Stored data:
★ ★ ★ ★ ★ ★ ★

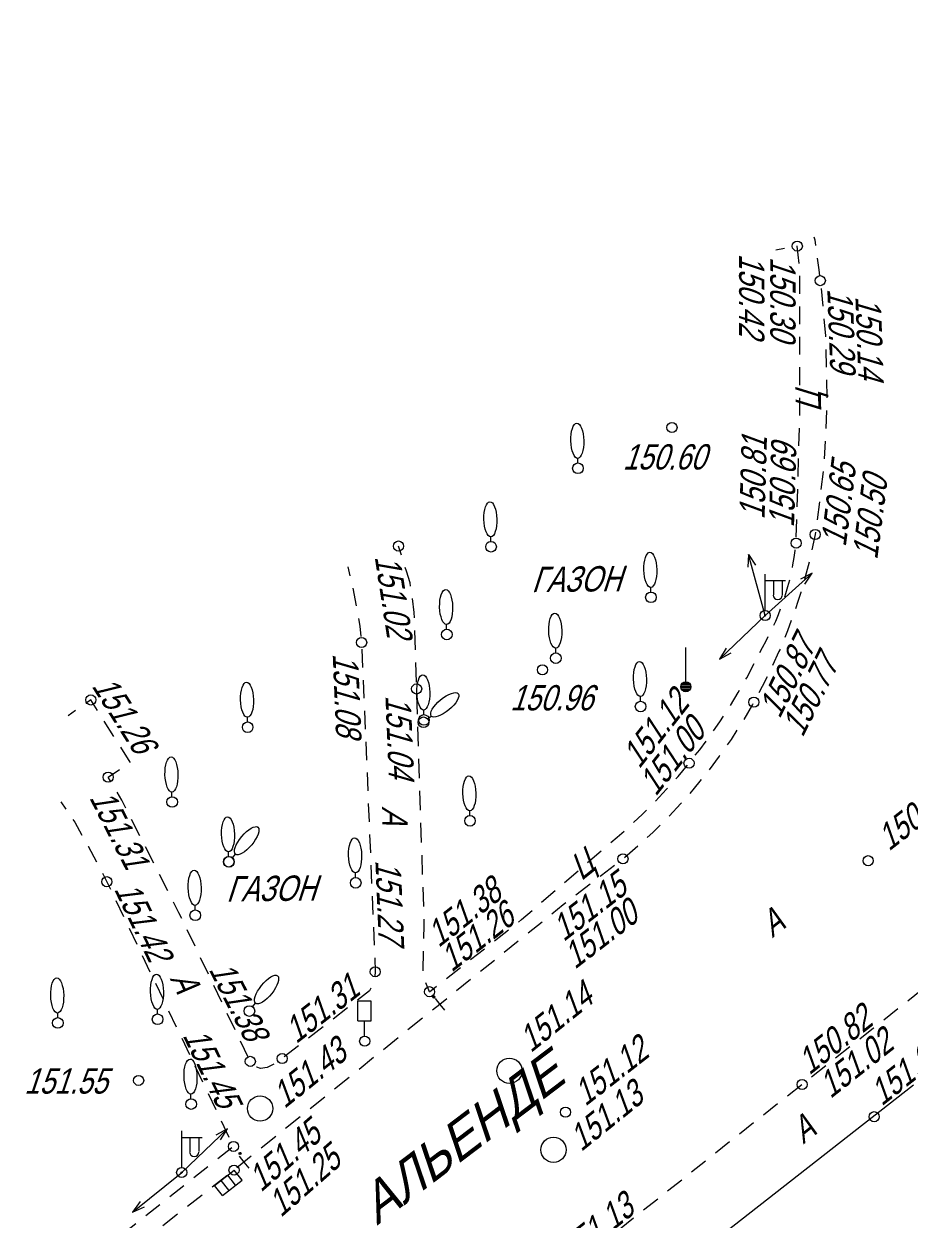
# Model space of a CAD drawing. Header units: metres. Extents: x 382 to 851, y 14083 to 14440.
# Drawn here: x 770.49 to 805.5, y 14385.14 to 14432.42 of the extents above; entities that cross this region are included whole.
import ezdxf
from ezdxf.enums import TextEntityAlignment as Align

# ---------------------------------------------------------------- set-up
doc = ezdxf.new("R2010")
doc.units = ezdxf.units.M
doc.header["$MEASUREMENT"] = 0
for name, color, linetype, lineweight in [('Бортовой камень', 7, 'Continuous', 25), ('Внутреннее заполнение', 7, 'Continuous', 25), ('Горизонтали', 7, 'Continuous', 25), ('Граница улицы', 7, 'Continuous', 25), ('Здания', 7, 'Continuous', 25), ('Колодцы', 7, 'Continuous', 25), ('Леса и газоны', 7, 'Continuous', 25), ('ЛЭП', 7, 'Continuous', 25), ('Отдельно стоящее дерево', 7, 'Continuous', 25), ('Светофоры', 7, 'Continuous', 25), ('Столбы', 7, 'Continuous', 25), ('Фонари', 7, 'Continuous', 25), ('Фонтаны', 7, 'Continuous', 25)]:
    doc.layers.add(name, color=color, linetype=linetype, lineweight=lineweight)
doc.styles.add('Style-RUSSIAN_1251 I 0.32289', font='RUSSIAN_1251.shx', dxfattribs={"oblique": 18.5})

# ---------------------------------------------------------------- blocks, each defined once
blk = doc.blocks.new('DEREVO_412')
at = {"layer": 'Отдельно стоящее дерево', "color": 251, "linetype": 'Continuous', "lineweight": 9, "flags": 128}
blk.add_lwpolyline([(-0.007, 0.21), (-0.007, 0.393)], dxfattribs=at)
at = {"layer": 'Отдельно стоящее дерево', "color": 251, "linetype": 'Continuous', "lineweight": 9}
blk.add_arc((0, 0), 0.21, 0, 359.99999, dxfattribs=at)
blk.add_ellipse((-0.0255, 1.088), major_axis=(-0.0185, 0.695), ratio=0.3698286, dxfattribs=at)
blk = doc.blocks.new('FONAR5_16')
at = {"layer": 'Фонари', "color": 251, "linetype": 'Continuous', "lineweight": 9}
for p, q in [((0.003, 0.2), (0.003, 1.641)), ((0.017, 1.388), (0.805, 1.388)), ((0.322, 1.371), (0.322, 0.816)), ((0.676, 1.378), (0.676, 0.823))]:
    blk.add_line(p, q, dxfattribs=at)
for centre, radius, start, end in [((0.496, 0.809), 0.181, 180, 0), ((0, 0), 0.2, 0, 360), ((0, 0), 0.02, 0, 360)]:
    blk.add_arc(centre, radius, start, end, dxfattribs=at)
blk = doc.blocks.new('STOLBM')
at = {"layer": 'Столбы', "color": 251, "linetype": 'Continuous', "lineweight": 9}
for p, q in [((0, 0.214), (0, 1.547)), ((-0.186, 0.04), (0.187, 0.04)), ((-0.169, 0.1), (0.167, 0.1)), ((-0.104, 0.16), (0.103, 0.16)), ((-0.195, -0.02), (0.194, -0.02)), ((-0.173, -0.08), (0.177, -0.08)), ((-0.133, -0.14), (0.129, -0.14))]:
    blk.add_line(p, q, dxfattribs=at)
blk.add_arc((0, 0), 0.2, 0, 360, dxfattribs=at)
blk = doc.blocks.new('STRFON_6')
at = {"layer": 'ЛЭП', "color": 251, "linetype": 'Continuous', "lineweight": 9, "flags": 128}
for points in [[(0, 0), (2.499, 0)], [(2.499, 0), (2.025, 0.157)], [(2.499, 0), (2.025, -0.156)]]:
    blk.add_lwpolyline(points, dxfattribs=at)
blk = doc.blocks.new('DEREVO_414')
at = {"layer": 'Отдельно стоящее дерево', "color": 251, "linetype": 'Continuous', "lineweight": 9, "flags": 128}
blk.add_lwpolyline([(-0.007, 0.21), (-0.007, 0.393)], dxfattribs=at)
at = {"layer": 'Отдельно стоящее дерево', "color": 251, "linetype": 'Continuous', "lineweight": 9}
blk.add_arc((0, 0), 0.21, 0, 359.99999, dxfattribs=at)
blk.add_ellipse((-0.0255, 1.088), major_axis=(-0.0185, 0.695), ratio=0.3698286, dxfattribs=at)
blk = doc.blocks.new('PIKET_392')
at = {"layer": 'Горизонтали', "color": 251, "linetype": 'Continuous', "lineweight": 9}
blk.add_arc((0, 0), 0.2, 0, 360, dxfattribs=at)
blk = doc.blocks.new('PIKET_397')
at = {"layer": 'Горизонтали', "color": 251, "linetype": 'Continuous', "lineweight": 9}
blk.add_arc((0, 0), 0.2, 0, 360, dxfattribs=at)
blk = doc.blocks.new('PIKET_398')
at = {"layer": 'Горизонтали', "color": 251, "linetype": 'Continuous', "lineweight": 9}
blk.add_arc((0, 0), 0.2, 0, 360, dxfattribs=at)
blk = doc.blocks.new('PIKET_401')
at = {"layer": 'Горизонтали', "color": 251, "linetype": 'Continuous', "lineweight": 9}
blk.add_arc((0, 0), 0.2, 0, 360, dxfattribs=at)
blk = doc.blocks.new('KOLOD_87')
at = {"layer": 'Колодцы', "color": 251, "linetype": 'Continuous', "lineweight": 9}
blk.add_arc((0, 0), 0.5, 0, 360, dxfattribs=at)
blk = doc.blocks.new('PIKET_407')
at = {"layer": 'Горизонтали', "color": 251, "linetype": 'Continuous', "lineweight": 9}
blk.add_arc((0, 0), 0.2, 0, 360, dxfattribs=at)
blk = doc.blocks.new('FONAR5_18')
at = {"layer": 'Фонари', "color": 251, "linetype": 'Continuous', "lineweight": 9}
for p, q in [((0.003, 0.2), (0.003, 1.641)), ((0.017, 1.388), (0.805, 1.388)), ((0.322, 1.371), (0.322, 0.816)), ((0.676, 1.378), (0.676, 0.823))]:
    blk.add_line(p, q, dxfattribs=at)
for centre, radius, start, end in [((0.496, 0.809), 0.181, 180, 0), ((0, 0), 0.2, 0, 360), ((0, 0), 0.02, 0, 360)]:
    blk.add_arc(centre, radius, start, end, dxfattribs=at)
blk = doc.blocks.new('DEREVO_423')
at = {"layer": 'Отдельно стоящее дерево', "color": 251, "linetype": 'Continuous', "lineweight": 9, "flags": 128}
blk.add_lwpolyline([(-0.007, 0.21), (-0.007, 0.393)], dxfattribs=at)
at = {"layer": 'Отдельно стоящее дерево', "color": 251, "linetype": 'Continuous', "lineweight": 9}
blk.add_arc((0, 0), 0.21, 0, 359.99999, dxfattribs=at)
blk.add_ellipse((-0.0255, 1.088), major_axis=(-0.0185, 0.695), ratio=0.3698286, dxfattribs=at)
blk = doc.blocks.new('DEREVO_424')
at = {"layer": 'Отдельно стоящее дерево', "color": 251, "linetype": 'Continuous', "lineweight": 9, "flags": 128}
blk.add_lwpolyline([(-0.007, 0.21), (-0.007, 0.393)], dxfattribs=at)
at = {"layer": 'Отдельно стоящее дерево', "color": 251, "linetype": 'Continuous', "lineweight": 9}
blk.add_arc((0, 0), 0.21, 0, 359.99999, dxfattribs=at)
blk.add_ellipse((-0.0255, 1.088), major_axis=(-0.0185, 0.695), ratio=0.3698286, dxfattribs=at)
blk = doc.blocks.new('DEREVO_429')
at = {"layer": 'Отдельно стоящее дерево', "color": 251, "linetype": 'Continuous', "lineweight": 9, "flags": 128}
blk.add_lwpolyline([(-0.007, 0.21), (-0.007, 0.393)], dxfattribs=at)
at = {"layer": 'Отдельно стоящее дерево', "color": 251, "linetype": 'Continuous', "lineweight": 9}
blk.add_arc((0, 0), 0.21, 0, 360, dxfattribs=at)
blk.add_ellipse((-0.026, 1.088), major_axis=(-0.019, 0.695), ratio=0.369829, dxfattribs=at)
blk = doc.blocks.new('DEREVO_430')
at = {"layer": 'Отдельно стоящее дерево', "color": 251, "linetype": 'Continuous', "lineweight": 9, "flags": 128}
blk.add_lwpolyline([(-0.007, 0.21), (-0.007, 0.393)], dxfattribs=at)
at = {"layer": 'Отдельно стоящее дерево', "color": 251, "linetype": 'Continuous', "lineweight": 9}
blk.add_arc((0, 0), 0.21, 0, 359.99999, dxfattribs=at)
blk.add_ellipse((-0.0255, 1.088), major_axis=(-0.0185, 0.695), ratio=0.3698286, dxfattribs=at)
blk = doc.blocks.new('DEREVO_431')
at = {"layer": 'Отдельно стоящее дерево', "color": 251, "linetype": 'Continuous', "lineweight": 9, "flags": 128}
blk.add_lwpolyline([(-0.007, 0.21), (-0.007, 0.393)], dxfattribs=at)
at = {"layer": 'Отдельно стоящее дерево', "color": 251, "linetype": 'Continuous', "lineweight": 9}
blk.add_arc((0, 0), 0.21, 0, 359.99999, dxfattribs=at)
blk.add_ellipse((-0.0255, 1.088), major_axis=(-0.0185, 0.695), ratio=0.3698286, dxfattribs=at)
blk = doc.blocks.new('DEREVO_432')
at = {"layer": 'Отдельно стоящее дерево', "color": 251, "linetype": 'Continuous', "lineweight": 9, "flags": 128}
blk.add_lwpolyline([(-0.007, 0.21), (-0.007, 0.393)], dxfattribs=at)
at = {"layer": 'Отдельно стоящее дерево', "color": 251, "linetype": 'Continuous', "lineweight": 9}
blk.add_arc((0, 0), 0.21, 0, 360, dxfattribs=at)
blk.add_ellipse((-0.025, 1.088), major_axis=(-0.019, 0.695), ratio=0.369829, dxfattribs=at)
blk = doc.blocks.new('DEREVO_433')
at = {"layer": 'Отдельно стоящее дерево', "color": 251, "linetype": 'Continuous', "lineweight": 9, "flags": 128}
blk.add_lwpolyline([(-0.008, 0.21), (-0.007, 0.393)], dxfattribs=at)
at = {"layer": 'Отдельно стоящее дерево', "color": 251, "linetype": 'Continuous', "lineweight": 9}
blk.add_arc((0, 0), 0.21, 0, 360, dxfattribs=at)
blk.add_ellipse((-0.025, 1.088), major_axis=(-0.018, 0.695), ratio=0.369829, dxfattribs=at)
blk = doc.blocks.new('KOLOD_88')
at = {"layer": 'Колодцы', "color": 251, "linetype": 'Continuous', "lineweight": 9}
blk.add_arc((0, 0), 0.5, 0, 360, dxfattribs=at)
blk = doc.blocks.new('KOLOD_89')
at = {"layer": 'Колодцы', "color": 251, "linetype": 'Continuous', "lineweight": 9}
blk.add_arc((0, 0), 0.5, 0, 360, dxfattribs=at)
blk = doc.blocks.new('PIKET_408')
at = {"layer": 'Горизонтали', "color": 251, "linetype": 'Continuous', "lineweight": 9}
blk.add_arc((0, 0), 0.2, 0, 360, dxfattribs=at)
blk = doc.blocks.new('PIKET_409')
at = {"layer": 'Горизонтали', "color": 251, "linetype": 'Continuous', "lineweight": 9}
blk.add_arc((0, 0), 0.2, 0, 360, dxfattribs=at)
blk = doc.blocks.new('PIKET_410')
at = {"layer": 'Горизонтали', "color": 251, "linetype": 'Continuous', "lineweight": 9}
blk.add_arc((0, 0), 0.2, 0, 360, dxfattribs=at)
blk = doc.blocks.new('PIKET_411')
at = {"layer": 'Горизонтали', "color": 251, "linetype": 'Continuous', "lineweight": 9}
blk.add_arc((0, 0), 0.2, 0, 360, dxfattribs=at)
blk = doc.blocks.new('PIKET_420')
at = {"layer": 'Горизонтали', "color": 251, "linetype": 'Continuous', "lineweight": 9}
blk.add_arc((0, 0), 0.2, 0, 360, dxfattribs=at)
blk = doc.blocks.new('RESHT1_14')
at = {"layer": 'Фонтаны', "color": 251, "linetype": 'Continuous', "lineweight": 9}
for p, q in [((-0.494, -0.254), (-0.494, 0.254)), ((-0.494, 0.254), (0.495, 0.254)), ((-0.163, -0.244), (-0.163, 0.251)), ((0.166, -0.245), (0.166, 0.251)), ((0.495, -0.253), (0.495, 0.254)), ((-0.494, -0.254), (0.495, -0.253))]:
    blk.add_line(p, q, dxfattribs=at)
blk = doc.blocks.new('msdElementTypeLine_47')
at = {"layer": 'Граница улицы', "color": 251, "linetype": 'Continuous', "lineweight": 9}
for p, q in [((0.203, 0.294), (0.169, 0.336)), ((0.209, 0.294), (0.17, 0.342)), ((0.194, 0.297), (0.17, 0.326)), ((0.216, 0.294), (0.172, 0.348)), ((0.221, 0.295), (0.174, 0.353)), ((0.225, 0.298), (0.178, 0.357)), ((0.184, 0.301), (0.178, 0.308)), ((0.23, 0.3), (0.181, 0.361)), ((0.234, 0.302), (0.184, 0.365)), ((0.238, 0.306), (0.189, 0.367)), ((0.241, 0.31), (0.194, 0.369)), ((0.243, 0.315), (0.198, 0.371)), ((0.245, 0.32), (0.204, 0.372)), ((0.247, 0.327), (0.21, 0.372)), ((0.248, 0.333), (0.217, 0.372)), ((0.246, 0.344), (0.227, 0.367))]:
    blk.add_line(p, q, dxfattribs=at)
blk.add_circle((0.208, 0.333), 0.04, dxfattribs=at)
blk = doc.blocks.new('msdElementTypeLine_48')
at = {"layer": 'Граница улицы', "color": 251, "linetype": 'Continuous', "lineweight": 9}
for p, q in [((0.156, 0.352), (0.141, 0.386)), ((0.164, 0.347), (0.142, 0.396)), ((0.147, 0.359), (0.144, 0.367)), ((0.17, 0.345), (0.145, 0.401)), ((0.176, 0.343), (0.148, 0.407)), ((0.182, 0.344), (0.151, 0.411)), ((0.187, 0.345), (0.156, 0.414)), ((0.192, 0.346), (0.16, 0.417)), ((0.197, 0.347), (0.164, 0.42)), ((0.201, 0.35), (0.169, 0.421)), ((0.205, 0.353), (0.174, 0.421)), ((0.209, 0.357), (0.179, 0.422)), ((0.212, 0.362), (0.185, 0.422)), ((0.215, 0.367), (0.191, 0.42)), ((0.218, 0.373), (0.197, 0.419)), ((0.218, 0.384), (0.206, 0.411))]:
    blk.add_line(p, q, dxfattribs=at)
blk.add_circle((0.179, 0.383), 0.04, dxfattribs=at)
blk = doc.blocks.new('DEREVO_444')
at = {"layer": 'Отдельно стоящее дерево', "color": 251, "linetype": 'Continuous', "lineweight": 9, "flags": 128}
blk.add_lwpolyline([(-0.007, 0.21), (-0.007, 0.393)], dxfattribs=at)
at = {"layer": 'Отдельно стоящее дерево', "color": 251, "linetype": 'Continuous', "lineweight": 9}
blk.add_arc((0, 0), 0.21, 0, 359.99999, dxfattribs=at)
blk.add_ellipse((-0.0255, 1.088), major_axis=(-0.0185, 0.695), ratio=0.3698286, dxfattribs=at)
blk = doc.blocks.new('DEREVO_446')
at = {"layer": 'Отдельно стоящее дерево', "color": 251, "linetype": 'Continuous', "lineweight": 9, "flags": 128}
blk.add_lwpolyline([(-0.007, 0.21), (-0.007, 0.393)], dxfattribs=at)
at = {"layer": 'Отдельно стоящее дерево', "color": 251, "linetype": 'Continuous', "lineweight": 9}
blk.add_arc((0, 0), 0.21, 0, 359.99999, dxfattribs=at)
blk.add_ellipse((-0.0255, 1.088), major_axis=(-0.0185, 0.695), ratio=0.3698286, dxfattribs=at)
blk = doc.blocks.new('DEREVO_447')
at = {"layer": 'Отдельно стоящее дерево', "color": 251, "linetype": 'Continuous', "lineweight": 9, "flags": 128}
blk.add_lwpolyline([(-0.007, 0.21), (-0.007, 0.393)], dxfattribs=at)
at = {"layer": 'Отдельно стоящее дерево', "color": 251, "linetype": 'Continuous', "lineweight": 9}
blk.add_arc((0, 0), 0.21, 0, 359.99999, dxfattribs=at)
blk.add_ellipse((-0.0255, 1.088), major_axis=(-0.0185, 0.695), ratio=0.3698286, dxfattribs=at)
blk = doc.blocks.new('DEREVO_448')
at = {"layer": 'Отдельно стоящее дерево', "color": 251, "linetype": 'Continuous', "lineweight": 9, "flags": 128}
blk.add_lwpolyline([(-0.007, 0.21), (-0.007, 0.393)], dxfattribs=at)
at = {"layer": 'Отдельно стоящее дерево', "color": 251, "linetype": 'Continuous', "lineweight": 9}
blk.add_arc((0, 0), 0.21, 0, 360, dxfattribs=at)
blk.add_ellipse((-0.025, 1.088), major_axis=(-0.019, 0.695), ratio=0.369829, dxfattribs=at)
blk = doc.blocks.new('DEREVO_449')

★ ★ ★ ★ ★ ★ ★

> _What this task involves_:
Show, from the entries above, every line that includes the string "points".

> _Response to the task_:
for points in [[(0, 0), (2.499, 0)], [(2.499, 0), (2.025, 0.157)], [(2.499, 0), (2.025, -0.156)]]:
    blk.add_lwpolyline(points, dxfattribs=at)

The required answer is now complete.